SmartNews has also ventured into other areas where it seeks to break down barriers. Since April, it has been providing up-to-date information on where people can get coronavirus vaccinations in Japan. More than 7 million users signed up for the service, according to the company, something Suzuki says he believes helped boost the uptake.

The app’s recent popularity is a dramatic turnaround from the firm’s early days. At the SXSW conference in Austin, Texas, in 2012, Suzuki and Hamamoto spent ¥600,000, the last of their money, to showcase a beta version.

On the flight to the conference, they agreed they would give up if the gambit didn’t succeed. And it didn’t, partly due to poor Wi-Fi at the venue, according to Suzuki.

“It was a huge failure,” he said. But the two decided to keep going despite their vow to quit.

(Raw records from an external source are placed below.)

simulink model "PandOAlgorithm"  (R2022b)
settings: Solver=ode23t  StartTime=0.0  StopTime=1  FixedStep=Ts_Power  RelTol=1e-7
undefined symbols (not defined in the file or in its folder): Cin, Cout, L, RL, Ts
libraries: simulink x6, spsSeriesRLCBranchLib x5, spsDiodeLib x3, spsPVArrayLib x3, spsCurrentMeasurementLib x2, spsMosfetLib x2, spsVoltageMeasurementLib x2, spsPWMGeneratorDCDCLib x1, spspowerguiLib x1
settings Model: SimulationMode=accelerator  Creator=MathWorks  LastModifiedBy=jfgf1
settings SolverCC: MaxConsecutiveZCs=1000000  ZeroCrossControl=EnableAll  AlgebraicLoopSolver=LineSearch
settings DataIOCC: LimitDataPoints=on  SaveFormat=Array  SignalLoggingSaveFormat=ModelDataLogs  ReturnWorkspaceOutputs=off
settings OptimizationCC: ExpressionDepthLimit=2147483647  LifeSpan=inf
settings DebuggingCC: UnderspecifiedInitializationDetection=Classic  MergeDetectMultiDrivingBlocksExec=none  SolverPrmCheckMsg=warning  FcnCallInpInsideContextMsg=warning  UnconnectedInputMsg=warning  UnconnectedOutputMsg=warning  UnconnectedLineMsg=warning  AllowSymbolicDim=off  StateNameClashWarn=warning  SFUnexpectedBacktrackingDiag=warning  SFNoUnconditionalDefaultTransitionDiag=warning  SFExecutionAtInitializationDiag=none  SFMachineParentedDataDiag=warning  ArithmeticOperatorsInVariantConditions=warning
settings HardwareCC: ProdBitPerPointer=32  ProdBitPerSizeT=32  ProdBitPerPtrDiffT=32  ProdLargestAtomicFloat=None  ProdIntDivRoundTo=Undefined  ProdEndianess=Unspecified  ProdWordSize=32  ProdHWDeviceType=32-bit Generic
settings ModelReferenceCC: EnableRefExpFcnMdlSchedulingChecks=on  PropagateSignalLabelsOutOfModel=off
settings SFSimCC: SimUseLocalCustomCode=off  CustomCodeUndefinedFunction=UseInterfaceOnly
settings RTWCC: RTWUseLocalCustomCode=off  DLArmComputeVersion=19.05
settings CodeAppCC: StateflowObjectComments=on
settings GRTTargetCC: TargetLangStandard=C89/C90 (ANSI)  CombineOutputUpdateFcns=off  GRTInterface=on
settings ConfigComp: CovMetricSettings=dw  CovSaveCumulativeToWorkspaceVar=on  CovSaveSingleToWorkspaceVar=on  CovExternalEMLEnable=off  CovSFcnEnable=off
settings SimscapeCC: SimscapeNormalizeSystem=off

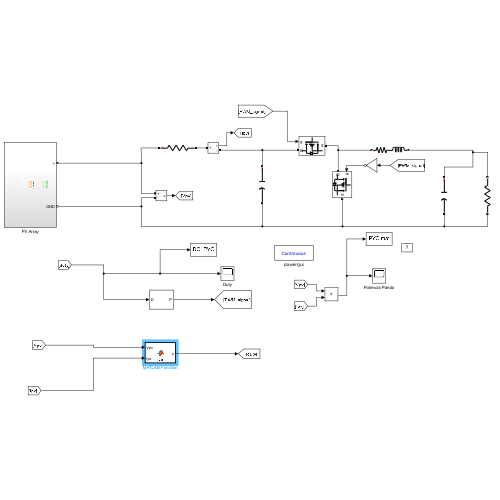
[thumbnail: Simulink's stored preview of the top-level diagram]
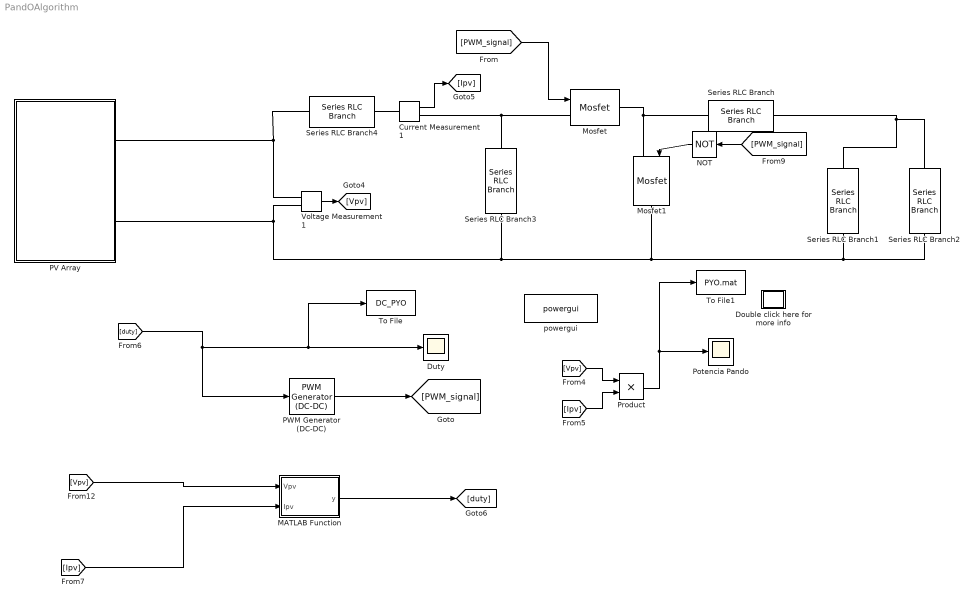
== system PandOAlgorithm ==
  Current Measurement1 : spsCurrentMeasurementLib/Current Measurement  PhasorSimulation=off  OutputType=Complex  PSBequivalent=0
  Double click here for more info : Subsystem
      settings: OpenFcn=showdemo(bdroot(gcb))
      mask Display: disp('?')
  Duty : Scope
  MATLAB Function : MATLAB Function  TreatAsAtomicUnit=on  SystemSampleTime=Ts
  Mosfet : spsMosfetLib/Mosfet  Ron=Ron  Lon=0  Rd=0.01  Vfd=0  IC=0  Rs=1e5  Cs=inf  Measurements=off
  Mosfet1 : spsMosfetLib/Mosfet  Ron=Ron  Lon=0  Rd=0.01  Vfd=0  IC=0  Rs=1e5  Cs=inf  Measurements=off
  NOT : Logic  Operator=NOT  IconShape=distinctive  AllPortsSameDT=off  OutDataTypeStr=boolean
  PV Array : Subsystem
  PWM Generator (DC-DC) : spsPWMGeneratorDCDCLib/PWM Generator (DC-DC)  Fsw=fs  Ts=0
  Potencia Pando : Scope
  Product : Product
  Series RLC Branch : spsSeriesRLCBranchLib/Series RLC Branch  LConnTagsString=__new0  RConnTagsString=__new0  BranchType=RL  Resistance=RL  Inductance=L  SetiL0=off  InitialCurrent=0  Capacitance=1e-6  Setx0=off  InitialVoltage=0  Measurements=None
  Series RLC Branch1 : spsSeriesRLCBranchLib/Series RLC Branch  LConnTagsString=__new0  RConnTagsString=__new0  BranchType=C  Resistance=0.005  Inductance=1e-3  SetiL0=off  InitialCurrent=0  Capacitance=Cout  Setx0=off  InitialVoltage=0  Measurements=None
  Series RLC Branch2 : spsSeriesRLCBranchLib/Series RLC Branch  LConnTagsString=__new0  RConnTagsString=__new0  BranchType=R  Resistance=1.1  Inductance=1e-3  SetiL0=off  InitialCurrent=0  Capacitance=1e-6  Setx0=off  InitialVoltage=0  Measurements=None
  Series RLC Branch3 : spsSeriesRLCBranchLib/Series RLC Branch  LConnTagsString=__new0  RConnTagsString=__new0  BranchType=C  Resistance=0.005  Inductance=1e-3  SetiL0=off  InitialCurrent=0  Capacitance=Cin  Setx0=off  InitialVoltage=0  Measurements=None
  Series RLC Branch4 : spsSeriesRLCBranchLib/Series RLC Branch  LConnTagsString=__new0  RConnTagsString=__new0  BranchType=R  Resistance=0.16  Inductance=1e-3  SetiL0=off  InitialCurrent=0  Capacitance=1e-6  Setx0=off  InitialVoltage=0  Measurements=None
  To File : ToFile  Filename=DC_PYO  SaveFormat=Timeseries  SampleTime=Ts
  To File1 : ToFile  Filename=PYO.mat  SaveFormat=Timeseries
  Voltage Measurement1 : spsVoltageMeasurementLib/Voltage Measurement  PhasorSimulation=off  OutputType=Complex  PSBequivalent=0
  powergui : spspowerguiLib/powergui  Priority=1  SimulationMode=Continuous  SampleTime=1e-06  frequency=60  Iterations=50  frequencyindice=0  Pbase=100e6  ErrMax=1e-4  UnitsV=kV  UnitsW=MW  buscounter=0  FunctionMessages=off  echomessages=off  EnableUseOfTLC=off  CurrentSourceSwitches=on  DisableSnubberDevices=on  DisableRonSwitches=off  DisableVfSwitches=off  DisplayEquations=off  AutomaticDiscreteSolvers=off  SolverType=Tustin/Backward Euler (TBE)  Interpol=off  ExternalGateDelay=off  methode=off  Ts=0  x0status=blocks  SPID=off  SwTol=0  HookPort=off  NonlinearTolerance=1e-4  nMaxIteration=100  ContinueOnMaxIteration=off  RestoreLinks=warning  ResistiveCurrentMeasurement=off  Frange=[0:2:500]  Ylog=off  Xlog=on  ShowGrid=off  save=off  variable=ZData  structure=0  ZoomFFT=on  StartTime=0.0  cycles=1  DisplayStyle=1  fundamental=60  FreqAxis=off  MaxFrequency=1000  frequencyindicesteady=1  RmsSteady=1  display=off
  wires:
  [PWM_signal] -> Mosfet/1
  Product/1 -> To File1/1, Potencia Pando/1
  [Ipv] -> Product/2
  [Vpv] -> Product/1
  Current Measurement1/1 -> [Ipv]
  MATLAB Function/1(y) -> [duty]
  NOT/1 -> Mosfet1/1
  [PWM_signal] -> NOT/1
  PWM Generator (DC-DC)/1 -> [PWM_signal]
  [duty] -> PWM Generator (DC-DC)/1, To File/1, Duty/1
  Voltage Measurement1/1 -> [Vpv]
  [Ipv] -> MATLAB Function/2(Ipv)
  [Vpv] -> MATLAB Function/1(Vpv)
  connections:
  Current Measurement1/RConn1 -- Series RLC Branch3/LConn1 -- Mosfet/LConn1
  Series RLC Branch2/RConn1 -- PV Array/RConn2 -- Voltage Measurement1/LConn2 -- Series RLC Branch3/RConn1 -- Mosfet1/RConn1 -- Series RLC Branch1/RConn1
  Series RLC Branch2/LConn1 -- Series RLC Branch/RConn1 -- Series RLC Branch1/LConn1
  PV Array/RConn1 -- Series RLC Branch4/LConn1 -- Voltage Measurement1/LConn1
  Series RLC Branch/LConn1 -- Mosfet1/LConn1 -- Mosfet/RConn1
  Current Measurement1/LConn1 -- Series RLC Branch4/RConn1

== system PandOAlgorithm/Double click here for more info ==

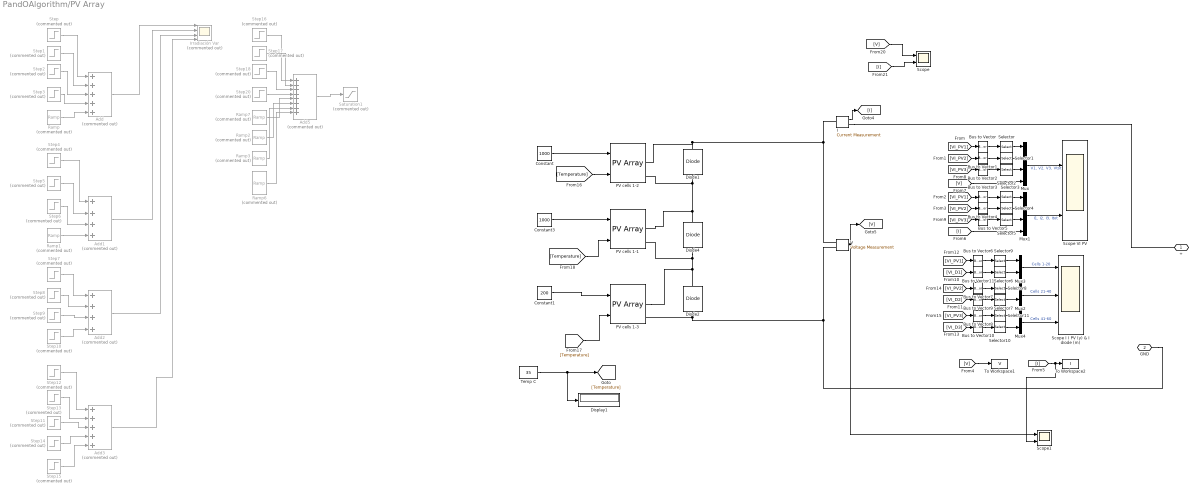
== system PandOAlgorithm/PV Array ==
  Add : Sum  Commented=on  Inputs=+++++
  Add1 : Sum  Commented=on  Inputs=++++
  Add2 : Sum  Commented=on  Inputs=++++
  Add3 : Sum  Commented=on  Inputs=+++++
  Add5 : Sum  Commented=on  Inputs=++++++++
  Bus to Vector{,1..11} (12 alike) : BusToVector
  Constant : Constant  Value=1000
  Constant1 : Constant  Value=200
  Constant3 : Constant  Value=1000
  Diode1 : spsDiodeLib/Diode  Ron=0.001  Lon=0  Vf=0.5  IC=0  UseSnubber=off  Rs=1e5*inf  Cs=inf  Measurements=off
  Diode2 : spsDiodeLib/Diode  Ron=0.001  Lon=0  Vf=0.5  IC=0  UseSnubber=off  Rs=1e5*inf  Cs=inf  Measurements=off
  Diode4 : spsDiodeLib/Diode  Ron=0.001  Lon=0  Vf=0.5  IC=0  UseSnubber=off  Rs=1e5*inf  Cs=inf  Measurements=off
  Display1 : Display
  I : spsCurrentMeasurementLib/Current Measurement  PhasorSimulation=off  OutputType=Complex  PSBequivalent=0
  Irradiación Var : Scope  Commented=on  NumInputPorts=4
  Mux : Mux
  Mux1 : Mux
  Mux2 : Mux  Inputs=2
  Mux3 : Mux  Inputs=2
  Mux4 : Mux  Inputs=2
  PV cells 1-1 : spsPVArrayLib/PV Array  Npar=1  Nser=1  PlotType=array @ 1000 W/m2 & specified temperatures  S_vec="[ 1000  500  100 ]"  Temp_C_vec=[ 20 ]  ModuleName=User-defined  PlotWhenSelected=off  Pm=83.83  Ncell=20  Voc=37.3/3  Isc=8.6  Vm=30.3/3  Im=8.3  beta_Voc_pc=-0.129  alpha_Isc_pc=0.044  beta_Voc=-0.016039  alpha_Isc=0.003784  IL=8.6716  I0=1.726e-15  nI=0.66942  Rsh=199.8499  Rs=0.14456  RobustModel=off  RobustCellTemperature=25  BAL=on  Tc=1e-5  Tfilter=5e-5
  PV cells 1-2 : spsPVArrayLib/PV Array  Npar=1  Nser=1  PlotType=array @ 1000 W/m2 & specified temperatures  S_vec="[ 1000  500  100 ]"  Temp_C_vec=[ 20 ]  ModuleName=User-defined  PlotWhenSelected=off  Pm=83.83  Ncell=20  Voc=37.3/3  Isc=8.6  Vm=30.3/3  Im=8.3  beta_Voc_pc=-0.129  alpha_Isc_pc=0.044  beta_Voc=-0.016039  alpha_Isc=0.003784  IL=8.6716  I0=1.726e-15  nI=0.66942  Rsh=199.8499  Rs=0.14456  RobustModel=off  RobustCellTemperature=25  BAL=on  Tc=1e-5  Tfilter=5e-5
  PV cells 1-3 : spsPVArrayLib/PV Array  Npar=1  Nser=1  PlotType=array @ 1000 W/m2 & specified temperatures  S_vec="[ 1000  500  100 ]"  Temp_C_vec=[ 20 ]  ModuleName=User-defined  PlotWhenSelected=off  Pm=83.83  Ncell=20  Voc=37.3/3  Isc=8.6  Vm=30.3/3  Im=8.3  beta_Voc_pc=-0.129  alpha_Isc_pc=0.044  beta_Voc=-0.016039  alpha_Isc=0.003784  IL=8.6716  I0=1.726e-15  nI=0.66942  Rsh=199.8499  Rs=0.14456  RobustModel=off  RobustCellTemperature=25  BAL=on  Tc=1e-5  Tfilter=5e-5
  Ramp : simulink/Sources/Ramp  Commented=on  slope=100  start=2.5  InitialOutput=0
  Ramp1 : simulink/Sources/Ramp  Commented=on  slope=100  start=2.5  InitialOutput=0
  Ramp2 : simulink/Sources/Ramp  Commented=on  slope=-100  start=5  InitialOutput=0
  Ramp3 : simulink/Sources/Ramp  Commented=on  slope=-100  start=6  InitialOutput=0
  Ramp6 : simulink/Sources/Ramp  Commented=on  slope=100  start=7  InitialOutput=0
  Ramp7 : simulink/Sources/Ramp  Commented=on  slope=100  start=2.5  InitialOutput=0
  Saturation1 : Saturate  Commented=on  UpperLimit=1000  LowerLimit=0
  Scope : Scope  NumInputPorts=2
  Scope I I PV (y) & I diode (m) : Scope  NumInputPorts=3
  Scope VI PV : Scope  NumInputPorts=2
  Scope1 : Scope  NumInputPorts=2
  Selector{,1..2,6..7,10} (6 alike) : Selector  InputPortWidth=2  IndexOptions=Index vector (dialog)  Indices=[1]  OutputSizes=1
  Selector{3..5,8..9,11} (6 alike) : Selector  InputPortWidth=2  IndexOptions=Index vector (dialog)  Indices=[2]  OutputSizes=1
  Step{,4,7,12,16} (5 alike) : Step  Commented=on  Time=0  After=1000  SampleTime=0
  Step1 : Step  Commented=on  After=-100  SampleTime=0
  Step10 : Step  Commented=on  Time=2  After=250  SampleTime=0
  Step11 : Step  Commented=on  After=100  SampleTime=0
  Step13 : Step  Commented=on  Time=0.5  After=-800  SampleTime=0
  Step14 : Step  Commented=on  Time=1.5  After=-200  SampleTime=0
  Step15 : Step  Commented=on  Time=2  After=200  SampleTime=0
  Step17 : Step  Commented=on  After=-100  SampleTime=0
  Step18 : Step  Commented=on  Time=1.5  After=-100  SampleTime=0
  Step2 : Step  Commented=on  Time=1.5  After=-100  SampleTime=0
  Step20 : Step  Commented=on  Time=2  After=-300  SampleTime=0
  Step3 : Step  Commented=on  Time=2  After=-300  SampleTime=0
  Step5 : Step  Commented=on  After=-100  SampleTime=0
  Step6 : Step  Commented=on  Time=1.5  After=-400  SampleTime=0
  Step8 : Step  Commented=on  After=-700  SampleTime=0
  Step9 : Step  Commented=on  Time=1.5  After=-150  SampleTime=0
  Temp C : Constant  Value=35
  To Workspace1 : ToWorkspace  VariableName=V  SampleTime=1e-3
  To Workspace2 : ToWorkspace  VariableName=I  SampleTime=1e-3
  V : spsVoltageMeasurementLib/Voltage Measurement  PhasorSimulation=off  OutputType=Complex  PSBequivalent=0
  + : PMIOPort  Side=Right
  GND : PMIOPort  Port=2  Side=Right
  wires:
  Mux/1 -> Scope VI PV/1  "V1, V2, V3, Vtot"
  [VI_PV3] -> Bus to Vector2/1
  Bus to Vector7/1 -> Selector8/1
  [VI_D1] -> Bus to Vector11/1
  Bus to Vector1/1 -> Selector1/1
  [VI_PV2] -> Bus to Vector4/1
  Selector4/1 -> Mux1/2
  Mux1/1 -> Scope VI PV/2  "I1, I2, I3, Itot"
  Mux4/1 -> Scope I I PV (y) & I diode (m)/3  "Cells 41-60"
  [VI_PV1] -> Bus to Vector6/1
  [VI_PV1] -> Bus to Vector3/1
  Selector3/1 -> Mux1/1
  Selector11/1 -> Mux4/1
  [V] -> Mux/4
  [V] -> To Workspace1/1
  Selector6/1 -> Mux3/2
  Selector/1 -> Mux/1
  Bus to Vector8/1 -> Selector11/1
  V/1 -> Scope1/1, [V]
  Mux2/1 -> Scope I I PV (y) & I diode (m)/2  "Cells 21-40"
  [I] -> Scope1/2, To Workspace2/1
  [VI_PV1] -> Bus to Vector/1
  Bus to Vector9/1 -> Selector7/1
  Selector5/1 -> Mux1/3
  [VI_PV2] -> Bus to Vector7/1
  [VI_PV3] -> Bus to Vector5/1
  I/1 -> [I]
  [VI_PV2] -> Bus to Vector1/1
  Selector8/1 -> Mux2/1
  [I] -> Mux1/4
  Bus to Vector4/1 -> Selector4/1
  Bus to Vector11/1 -> Selector6/1
  Selector2/1 -> Mux/3
  Bus to Vector10/1 -> Selector10/1
  Mux3/1 -> Scope I I PV (y) & I diode (m)/1  "Cells 1-20"
  Selector1/1 -> Mux/2
  Bus to Vector/1 -> Selector/1
  Bus to Vector6/1 -> Selector9/1
  Selector7/1 -> Mux2/2
  [VI_D2] -> Bus to Vector9/1
  [VI_PV3] -> Bus to Vector8/1
  Selector10/1 -> Mux4/2
  Bus to Vector2/1 -> Selector2/1
  Selector9/1 -> Mux3/1
  Bus to Vector3/1 -> Selector3/1
  Bus to Vector5/1 -> Selector5/1
  [VI_D3] -> Bus to Vector10/1
  Step1/1 -> Add/2
  Step/1 -> Add/1
  Ramp/1 -> Add/5
  Step3/1 -> Add/4
  Step2/1 -> Add/3
  Add3/1 -> Irradiación Var/4
  Add2/1 -> Irradiación Var/3
  Add1/1 -> Irradiación Var/2
  Add/1 -> Irradiación Var/1
  Temp C/1 -> [Temperature], Display1/1
  Step5/1 -> Add1/2
  Step4/1 -> Add1/1
  Ramp1/1 -> Add1/4
  Step6/1 -> Add1/3
  Step8/1 -> Add2/2
  Step9/1 -> Add2/3
  Step7/1 -> Add2/1
  Step10/1 -> Add2/4
  Step12/1 -> Add3/1
  Step13/1 -> Add3/2
  Step11/1 -> Add3/3
  Step14/1 -> Add3/4
  Step15/1 -> Add3/5
  [I] -> Scope/2
  [V] -> Scope/1
  [Temperature] -> PV cells 1-3/2
  [Temperature] -> PV cells 1-2/2
  [Temperature] -> PV cells 1-1/2
  Step17/1 -> Add5/2
  Ramp7/1 -> Add5/5
  Add5/1 -> Saturation1/1
  Ramp6/1 -> Add5/8
  Ramp2/1 -> Add5/6
  Step16/1 -> Add5/1
  Step18/1 -> Add5/3
  Step20/1 -> Add5/4
  Ramp3/1 -> Add5/7
  Constant/1 -> PV cells 1-2/1
  Constant3/1 -> PV cells 1-1/1
  Constant1/1 -> PV cells 1-3/1
  connections:
  Diode1/RConn1 -- PV cells 1-2/RConn1 -- I/LConn1 -- V/LConn1
  GND/RConn1 -- Diode2/LConn1 -- PV cells 1-3/RConn2 -- V/LConn2
  I/RConn1 -- +/RConn1
  Diode4/RConn1 -- PV cells 1-1/RConn1 -- PV cells 1-2/RConn2 -- Diode1/LConn1
  PV cells 1-1/RConn2 -- Diode4/LConn1 -- PV cells 1-3/RConn1 -- Diode2/RConn1

== matlab function PandOAlgorithm/MATLAB Function ==
  settings: updateMethod=DISCRETE
  data: Vpv input; y output; Ipv input
function y = fcn(Vpv, Ipv)

persistent Dprev Pprev Vprev

Ppv = Vpv*Ipv;

if isempty(Dprev)
    D = 0.2;
    Dprev = D;
    Vprev = Vpv;
    Pprev = Ppv;
    
else

deltaD = 0.03; %125e-6;

% Calculate measured array power
if (Ppv-Pprev)~= 0
    if (Ppv - Pprev) > 0
        if (Vpv - Vprev) > 0
            D = Dprev - deltaD;
        else
            D = Dprev + deltaD;
        end
    else
        if (Vpv-Vprev) > 0
            D = Dprev + deltaD;
        else
            D = Dprev - deltaD;
        end
    end
else
    D = Dprev;
end

if D < 0.15
    D = 0;
elseif D >0.9
    D = 1;
end
    
Dprev = D;
Vprev = Vpv;
Pprev = Ppv;
end

y = D;

SmartNews plans to double its employees globally to about 1,000 “as soon as possible,” according to Suzuki. It currently has about 400 staff in Japan and 100 in the U.S.

The company, which makes money from ads, declined to comment on whether it’s profitable.

Competition remains stiff in the media industry and making profits is a challenge, according to Tomoichiro Kubota, a senior market analyst at Matsui Securities Co. in Tokyo. While providing unbiased news might be a noble goal, it won’t necessarily attract readers, he said.

“They will need to find a way to monetize the rising user numbers,” Kubota said. “If they don’t, it’s possible this kind of venture business could fail or be taken over.”

Whether that happens remains to be seen, but in the meantime, Suzuki says the app is going some way toward breaking down those walls.

“I don’t know if SmartNews be able to provide an ultimate solution,” Suzuki said. “But I believe it will contribute.”